= Nurse registry =

Licensed staffing agency that provides hospitals and individuals with nursing personnel

A nurse registry, nursing registry, or register of nurses is a list of nurses who are legally licensed to practice nursing. The register is maintained by the licensing body designated by law to regulate the profession. This is the source of the legal title "Registered Nurse". Usually each nurse is issued a unique identification or license number.

In the United States, the term nurse registry is also commonly used to refer to a nursing agency, a private business which provides per diem or locum tenens nursing personnel to hospitals, medical offices and individuals.

Nurse registries are also companies who provide referrals to patients for skilled and unskilled nursing care.
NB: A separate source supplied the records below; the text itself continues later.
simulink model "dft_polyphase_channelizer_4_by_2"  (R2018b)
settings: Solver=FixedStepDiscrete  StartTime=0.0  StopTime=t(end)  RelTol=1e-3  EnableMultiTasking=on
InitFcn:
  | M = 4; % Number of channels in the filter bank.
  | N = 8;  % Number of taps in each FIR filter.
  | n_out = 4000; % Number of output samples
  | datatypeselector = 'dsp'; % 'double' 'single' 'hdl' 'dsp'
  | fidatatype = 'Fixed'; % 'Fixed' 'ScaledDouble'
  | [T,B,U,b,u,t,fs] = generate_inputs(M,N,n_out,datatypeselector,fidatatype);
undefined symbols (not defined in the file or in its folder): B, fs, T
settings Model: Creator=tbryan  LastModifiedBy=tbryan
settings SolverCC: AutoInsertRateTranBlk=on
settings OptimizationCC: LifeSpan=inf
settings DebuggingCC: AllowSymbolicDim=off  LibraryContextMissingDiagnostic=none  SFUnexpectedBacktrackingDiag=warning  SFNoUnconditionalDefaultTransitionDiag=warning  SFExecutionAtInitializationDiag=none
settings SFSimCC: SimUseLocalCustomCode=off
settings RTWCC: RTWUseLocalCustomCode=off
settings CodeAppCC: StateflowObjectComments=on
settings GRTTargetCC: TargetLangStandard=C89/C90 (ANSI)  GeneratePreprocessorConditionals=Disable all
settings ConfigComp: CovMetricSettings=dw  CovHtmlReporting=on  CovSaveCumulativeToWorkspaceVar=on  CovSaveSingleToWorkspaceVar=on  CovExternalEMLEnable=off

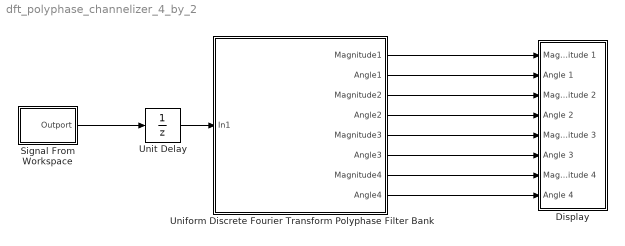
== system dft_polyphase_channelizer_4_by_2 ==
  Display : Subsystem
  Signal From Workspace : Subsystem  mask(Signal From Workspace){X=u, Ts=1/fs, nsamps=1, OutputAfterFinalValue=Setting to zero, ignoreOrWarnInputAndFrameLengths=off, OutputFrames=off}
      mask prompts: X "Signal:"; Ts "Sample time:"; nsamps "Samples per frame:"; OutputAfterFinalValue "Form output after final data value by:"; ignoreOrWarnInputAndFrameLengths "Warn when frame size does not evenly divide input length"; OutputFrames "Output Frames"
      mask help:
      | Output signal samples obtained from the MATLAB workspace at successive sample times.  A signal matrix is interpreted as having one channel per column.  Signal columns may be buffered into frames by specifying a number of samples per frame greater than 1.
      |
      | An M x N x P signal array outputs M x N matrices at successive sample times.  The samples per frame must be equal to 1 for three-dimensional signal arrays.
      mask init:
      | dispX = get_param(gcbh, 'X');
      | [s,Ts] = dspblksfw2('init', X,Ts,nsamps);
      mask Help: eval('blocksethelp');
      mask TypeOptions OutputAfterFinalValue: Setting to zero | Holding final value | Cyclic repetition
      mask Callback OutputAfterFinalValue: dspblksfw2
      mask Display: disp(dispX)
  Uniform Discrete Fourier Transform Polyphase Filter Bank : Subsystem
  Unit Delay : UnitDelay  SampleTime=-1
  wires:
  Signal From Workspace/1(Outport) -> Unit Delay/1
  Unit Delay/1 -> Uniform Discrete Fourier Transform Polyphase Filter Bank/1(In1)
  Uniform Discrete Fourier Transform Polyphase Filter Bank/1(Magnitude1) -> Display/1(Magnitude 1)
  Uniform Discrete Fourier Transform Polyphase Filter Bank/2(Angle1) -> Display/2(Angle 1)
  Uniform Discrete Fourier Transform Polyphase Filter Bank/3(Magnitude2) -> Display/3(Magnitude 2)
  Uniform Discrete Fourier Transform Polyphase Filter Bank/4(Angle2) -> Display/4(Angle 2)
  Uniform Discrete Fourier Transform Polyphase Filter Bank/5(Magnitude3) -> Display/5(Magnitude 3)
  Uniform Discrete Fourier Transform Polyphase Filter Bank/6(Angle3) -> Display/6(Angle 3)
  Uniform Discrete Fourier Transform Polyphase Filter Bank/7(Magnitude4) -> Display/7(Magnitude 4)
  Uniform Discrete Fourier Transform Polyphase Filter Bank/8(Angle4) -> Display/8(Angle 4)

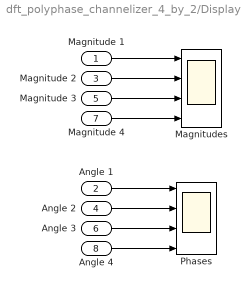
== system dft_polyphase_channelizer_4_by_2/Display ==
  Magnitude 1 : Inport
  Angle 1 : Inport  Port=2
  Magnitude 2 : Inport  Port=3
  Angle 2 : Inport  Port=4
  Magnitude 3 : Inport  Port=5
  Angle 3 : Inport  Port=6
  Magnitude 4 : Inport  Port=7
  Angle 4 : Inport  Port=8
  Magnitudes : Scope  NumInputPorts=4
  Phases : Scope  NumInputPorts=4
  wires:
  Angle 3/1 -> Phases/3
  Magnitude 2/1 -> Magnitudes/2
  Magnitude 1/1 -> Magnitudes/1
  Magnitude 4/1 -> Magnitudes/4
  Angle 2/1 -> Phases/2
  Angle 4/1 -> Phases/4
  Magnitude 3/1 -> Magnitudes/3
  Angle 1/1 -> Phases/1

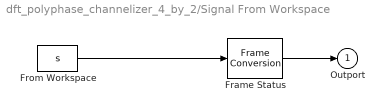
== system dft_polyphase_channelizer_4_by_2/Signal From Workspace ==
  Frame Status : FrameConversion  OutFrame=Sample-based
  From Workspace : FromWorkspace  VariableName=s  SampleTime=Ts  Interpolate=off  OutputAfterFinalValue=Setting to zero
  Outport : Outport  InitialOutput=0
  wires:
  Frame Status/1 -> Outport/1
  From Workspace/1 -> Frame Status/1

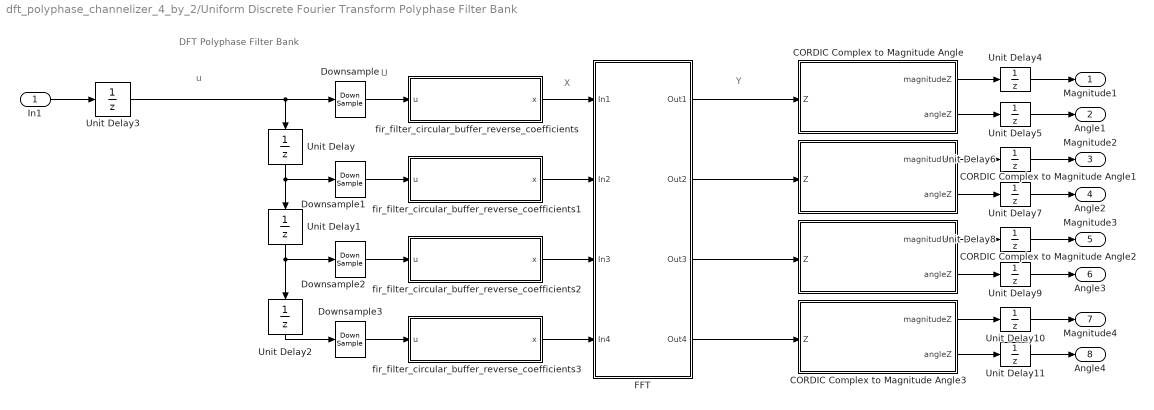
== system dft_polyphase_channelizer_4_by_2/Uniform Discrete Fourier Transform Polyphase Filter Bank ==
  note: DFT Polyphase Filter Bank
  note: U
  note: u
  note: X
  note: Y
  In1 : Inport
  " CORDIC Complex to Magnitude Angle" : MATLAB Function  TreatAsAtomicUnit=on
  " CORDIC Complex to Magnitude Angle1" : MATLAB Function  TreatAsAtomicUnit=on
  " CORDIC Complex to Magnitude Angle2" : MATLAB Function  TreatAsAtomicUnit=on
  " CORDIC Complex to Magnitude Angle3" : MATLAB Function  TreatAsAtomicUnit=on
  Downsample{,1..3} (4 alike) : DownSample  N=4  RateOptions=Allow multirate processing
  FFT : Subsystem
      mask Display: disp('IDFT')
  Unit Delay{,1..11} (12 alike) : UnitDelay  SampleTime=-1
  fir_filter_circular_buffer_reverse_coefficients : MATLAB Function  TreatAsAtomicUnit=on  mask{b=B(1,:), T=T.fir_filter}
      mask prompts: b "Coefficients: b from MATLAB's filter(b,1,x)"
  fir_filter_circular_buffer_reverse_coefficients1 : MATLAB Function  TreatAsAtomicUnit=on  mask{b=B(2,:), T=T.fir_filter}
      mask prompts: b "Coefficients: b from MATLAB's filter(b,1,x)"
  fir_filter_circular_buffer_reverse_coefficients2 : MATLAB Function  TreatAsAtomicUnit=on  mask{b=B(3,:), T=T.fir_filter}
      mask prompts: b "Coefficients: b from MATLAB's filter(b,1,x)"
  fir_filter_circular_buffer_reverse_coefficients3 : MATLAB Function  TreatAsAtomicUnit=on  mask{b=B(4,:), T=T.fir_filter}
      mask prompts: b "Coefficients: b from MATLAB's filter(b,1,x)"
  Magnitude1 : Outport
  Angle1 : Outport  Port=2
  Magnitude2 : Outport  Port=3
  Angle2 : Outport  Port=4
  Magnitude3 : Outport  Port=5
  Angle3 : Outport  Port=6
  Magnitude4 : Outport  Port=7
  Angle4 : Outport  Port=8
  wires:
  FFT/1(Out1) -> " CORDIC Complex to Magnitude Angle"/1(Z)
  FFT/2(Out2) -> " CORDIC Complex to Magnitude Angle1"/1(Z)
  FFT/3(Out3) -> " CORDIC Complex to Magnitude Angle2"/1(Z)
  FFT/4(Out4) -> " CORDIC Complex to Magnitude Angle3"/1(Z)
  Unit Delay1/1 -> Unit Delay2/1, Downsample2/1
  fir_filter_circular_buffer_reverse_coefficients1/1(x) -> FFT/2(In2)
  Unit Delay/1 -> Unit Delay1/1, Downsample1/1
  fir_filter_circular_buffer_reverse_coefficients/1(x) -> FFT/1(In1)
  fir_filter_circular_buffer_reverse_coefficients2/1(x) -> FFT/3(In3)
  Unit Delay2/1 -> Downsample3/1
  fir_filter_circular_buffer_reverse_coefficients3/1(x) -> FFT/4(In4)
  Downsample3/1 -> fir_filter_circular_buffer_reverse_coefficients3/1(u)
  Downsample2/1 -> fir_filter_circular_buffer_reverse_coefficients2/1(u)
  Downsample1/1 -> fir_filter_circular_buffer_reverse_coefficients1/1(u)
  Downsample/1 -> fir_filter_circular_buffer_reverse_coefficients/1(u)
  In1/1 -> Unit Delay3/1
  Unit Delay3/1 -> Unit Delay/1, Downsample/1
  Unit Delay4/1 -> Magnitude1/1
  " CORDIC Complex to Magnitude Angle"/1(magnitudeZ) -> Unit Delay4/1
  Unit Delay5/1 -> Angle1/1
  " CORDIC Complex to Magnitude Angle"/2(angleZ) -> Unit Delay5/1
  Unit Delay6/1 -> Magnitude2/1
  " CORDIC Complex to Magnitude Angle1"/1(magnitudeZ) -> Unit Delay6/1
  Unit Delay7/1 -> Angle2/1
  " CORDIC Complex to Magnitude Angle1"/2(angleZ) -> Unit Delay7/1
  Unit Delay8/1 -> Magnitude3/1
  " CORDIC Complex to Magnitude Angle2"/1(magnitudeZ) -> Unit Delay8/1
  Unit Delay9/1 -> Angle3/1
  " CORDIC Complex to Magnitude Angle2"/2(angleZ) -> Unit Delay9/1
  Unit Delay10/1 -> Magnitude4/1
  " CORDIC Complex to Magnitude Angle3"/1(magnitudeZ) -> Unit Delay10/1
  Unit Delay11/1 -> Angle4/1
  " CORDIC Complex to Magnitude Angle3"/2(angleZ) -> Unit Delay11/1

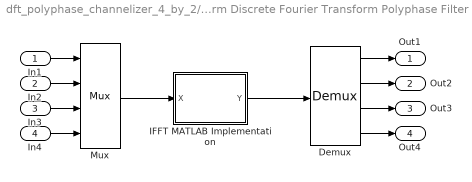
== system dft_polyphase_channelizer_4_by_2/Uniform Discrete Fourier Transform Polyphase Filter Bank/FFT ==
  In1 : Inport
  In2 : Inport  Port=2
  In3 : Inport  Port=3
  In4 : Inport  Port=4
  Demux : Demux
  IFFT MATLAB Implementation : MATLAB Function  TreatAsAtomicUnit=on  mask{T=T.fft}
      mask prompts: T "Types table"
  Mux : Mux
  Out1 : Outport
  Out2 : Outport  Port=2
  Out3 : Outport  Port=3
  Out4 : Outport  Port=4
  wires:
  Mux/1 -> IFFT MATLAB Implementation/1(X)
  IFFT MATLAB Implementation/1(Y) -> Demux/1
  In1/1 -> Mux/1
  In4/1 -> Mux/4
  In3/1 -> Mux/3
  In2/1 -> Mux/2
  Demux/2 -> Out2/1
  Demux/3 -> Out3/1
  Demux/4 -> Out4/1
  Demux/1 -> Out1/1

== matlab function dft_polyphase_channelizer_4_by_2/Uniform Discrete Fourier Transform Polyphase Filter Bank/ CORDIC Complex to Magnitude Angle1 ==
  data: Z input; magnitudeZ output; angleZ output
function [magnitudeZ, angleZ] = cordic_magnitude_angle(Z)
    [magnitudeZ, angleZ] = cordic_cart2pol(Z);
end

== matlab function dft_polyphase_channelizer_4_by_2/Uniform Discrete Fourier Transform Polyphase Filter Bank/ CORDIC Complex to Magnitude Angle ==
  data: Z input; magnitudeZ output; angleZ output
function [magnitudeZ, angleZ] = cordic_magnitude_angle(Z)
    [magnitudeZ, angleZ] = cordic_cart2pol(Z);
end

== matlab function dft_polyphase_channelizer_4_by_2/Uniform Discrete Fourier Transform Polyphase Filter Bank/ CORDIC Complex to Magnitude Angle2 ==
  data: Z input; magnitudeZ output; angleZ output
function [magnitudeZ, angleZ] = cordic_magnitude_angle(Z)
    [magnitudeZ, angleZ] = cordic_cart2pol(Z);
end

== matlab function dft_polyphase_channelizer_4_by_2/Uniform Discrete Fourier Transform Polyphase Filter Bank/ CORDIC Complex to Magnitude Angle3 ==
  data: Z input; magnitudeZ output; angleZ output
function [magnitudeZ, angleZ] = cordic_magnitude_angle(Z)
    [magnitudeZ, angleZ] = cordic_cart2pol(Z);
end

== matlab function dft_polyphase_channelizer_4_by_2/Uniform Discrete Fourier Transform Polyphase Filter Bank/FFT/IFFT MATLAB Implementation ==
  data: X input; Y output; T parameter
function Y = inverse_fft_block(X,T)
    dim = 1;
    Y = inverse_fft(X, T, dim);
end

== matlab function dft_polyphase_channelizer_4_by_2/Uniform Discrete Fourier Transform Polyphase Filter Bank/fir_filter_circular_buffer_reverse_coefficients ==
  data: u input; x output; b parameter; T parameter
function x = fir_filter(u, b, T)
    persistent p z
    if isempty(p)
        p = zeros(1,'like',T.p);
        z = zeros(size(b),'like',T.z);
    end
    [x,z,p] = fir_filter_circular_buffer(b,u,z,p,T);
end

== matlab function dft_polyphase_channelizer_4_by_2/Uniform Discrete Fourier Transform Polyphase Filter Bank/fir_filter_circular_buffer_reverse_coefficients1 ==
  data: u input; x output; b parameter; T parameter
function x = fir_filter(u, b, T)
    persistent p z
    if isempty(p)
        p = zeros(1,'like',T.p);
        z = zeros(size(b),'like',T.z);
    end
    [x,z,p] = fir_filter_circular_buffer(b,u,z,p,T);
end

== matlab function dft_polyphase_channelizer_4_by_2/Uniform Discrete Fourier Transform Polyphase Filter Bank/fir_filter_circular_buffer_reverse_coefficients2 ==
  data: u input; x output; b parameter; T parameter
function x = fir_filter(u, b, T)
    persistent p z
    if isempty(p)
        p = zeros(1,'like',T.p);
        z = zeros(size(b),'like',T.z);
    end
    [x,z,p] = fir_filter_circular_buffer(b,u,z,p,T);
end

== matlab function dft_polyphase_channelizer_4_by_2/Uniform Discrete Fourier Transform Polyphase Filter Bank/fir_filter_circular_buffer_reverse_coefficients3 ==
  data: u input; x output; b parameter; T parameter
function x = fir_filter(u, b, T)
    persistent p z
    if isempty(p)
        p = zeros(1,'like',T.p);
        z = zeros(size(b),'like',T.z);
    end
    [x,z,p] = fir_filter_circular_buffer(b,u,z,p,T);
end

These companies maintain lists of nursing personnel, whom they ensure have the proper licensing and training, that they use to refer nurses acting as independent contractors to patients.

Florence Nightingale opposed a single, nationalized registry of nurses. She notes that a single nationalized register would quickly go out of date, harming newly trained nurses and lending legitimacy to trained nurses who later proved ill-equipped for the job. At the time, the length and quality of training varied widely. The register proposed by the British Nurses' Association did not list any details of the training a nurse had received. Nightingale believed nursing should be autonomous as a profession, rather than under the control of physicians. Half of the BNA's seats were to be given to doctors. Nightingale led several campaigns against the BNA. Despite Nightingale's opposition, the campaign for a national register of nurses ultimately succeeded. The Nurses Registration Act 1919, presented by Health Minister Christopher Addison and receiving Royal Assent on 23 December 1919, established for the first time a statutory register of nurses in England and Wales under the newly created General Nursing Council (GNC). The register opened in November 1921, with nurse Ethel Gordon Fenwick, who had led the registration campaign for decades, becoming the first state-registered nurse in the United Kingdom. The register maintained separate sections for general nursing, mental nursing, mental deficiency nursing, fever nursing, paediatric nursing, and male nurses. By 1923, only 12,097 nurses had been registered, in part because of stringent vetting procedures. The GNC was replaced in 1983 by the United Kingdom Central Council for Nursing, Midwifery and Health Visiting, and later by the current Nursing and Midwifery Council, established in 2002.